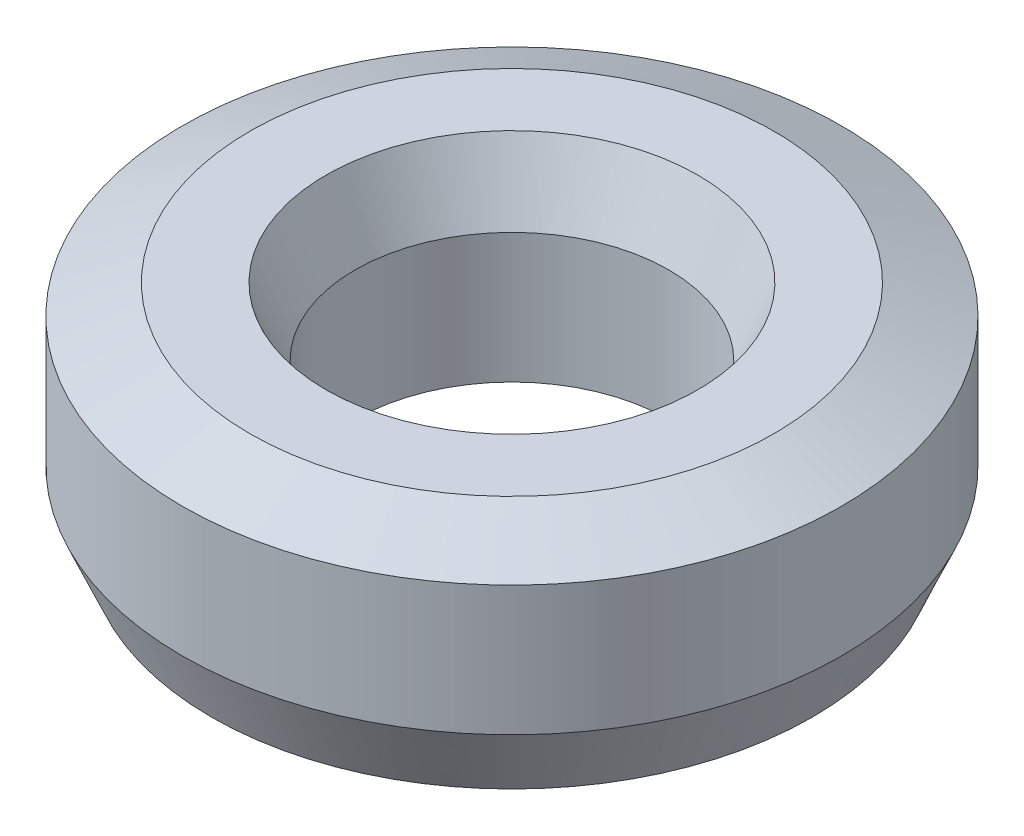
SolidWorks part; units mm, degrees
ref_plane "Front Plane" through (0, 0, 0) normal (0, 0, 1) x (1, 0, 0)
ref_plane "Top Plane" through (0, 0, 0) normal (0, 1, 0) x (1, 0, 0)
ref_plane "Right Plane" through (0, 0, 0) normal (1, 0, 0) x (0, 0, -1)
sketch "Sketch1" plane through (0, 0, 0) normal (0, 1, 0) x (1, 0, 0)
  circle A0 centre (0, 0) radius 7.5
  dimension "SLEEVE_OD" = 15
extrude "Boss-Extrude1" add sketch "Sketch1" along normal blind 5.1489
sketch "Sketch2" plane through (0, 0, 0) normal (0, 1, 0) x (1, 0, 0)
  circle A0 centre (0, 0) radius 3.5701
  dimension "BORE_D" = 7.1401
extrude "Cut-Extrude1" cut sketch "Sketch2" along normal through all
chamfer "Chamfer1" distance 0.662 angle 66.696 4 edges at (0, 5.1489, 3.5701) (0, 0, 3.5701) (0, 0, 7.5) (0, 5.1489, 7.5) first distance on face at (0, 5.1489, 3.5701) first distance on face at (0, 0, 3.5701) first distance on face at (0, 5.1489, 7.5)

§ **Assignment**
Find the string "circle" in the entries above and return each line that holds it.

§ **Solved problem**
  circle A0 centre (0, 0) radius 7.5
  circle A0 centre (0, 0) radius 3.5701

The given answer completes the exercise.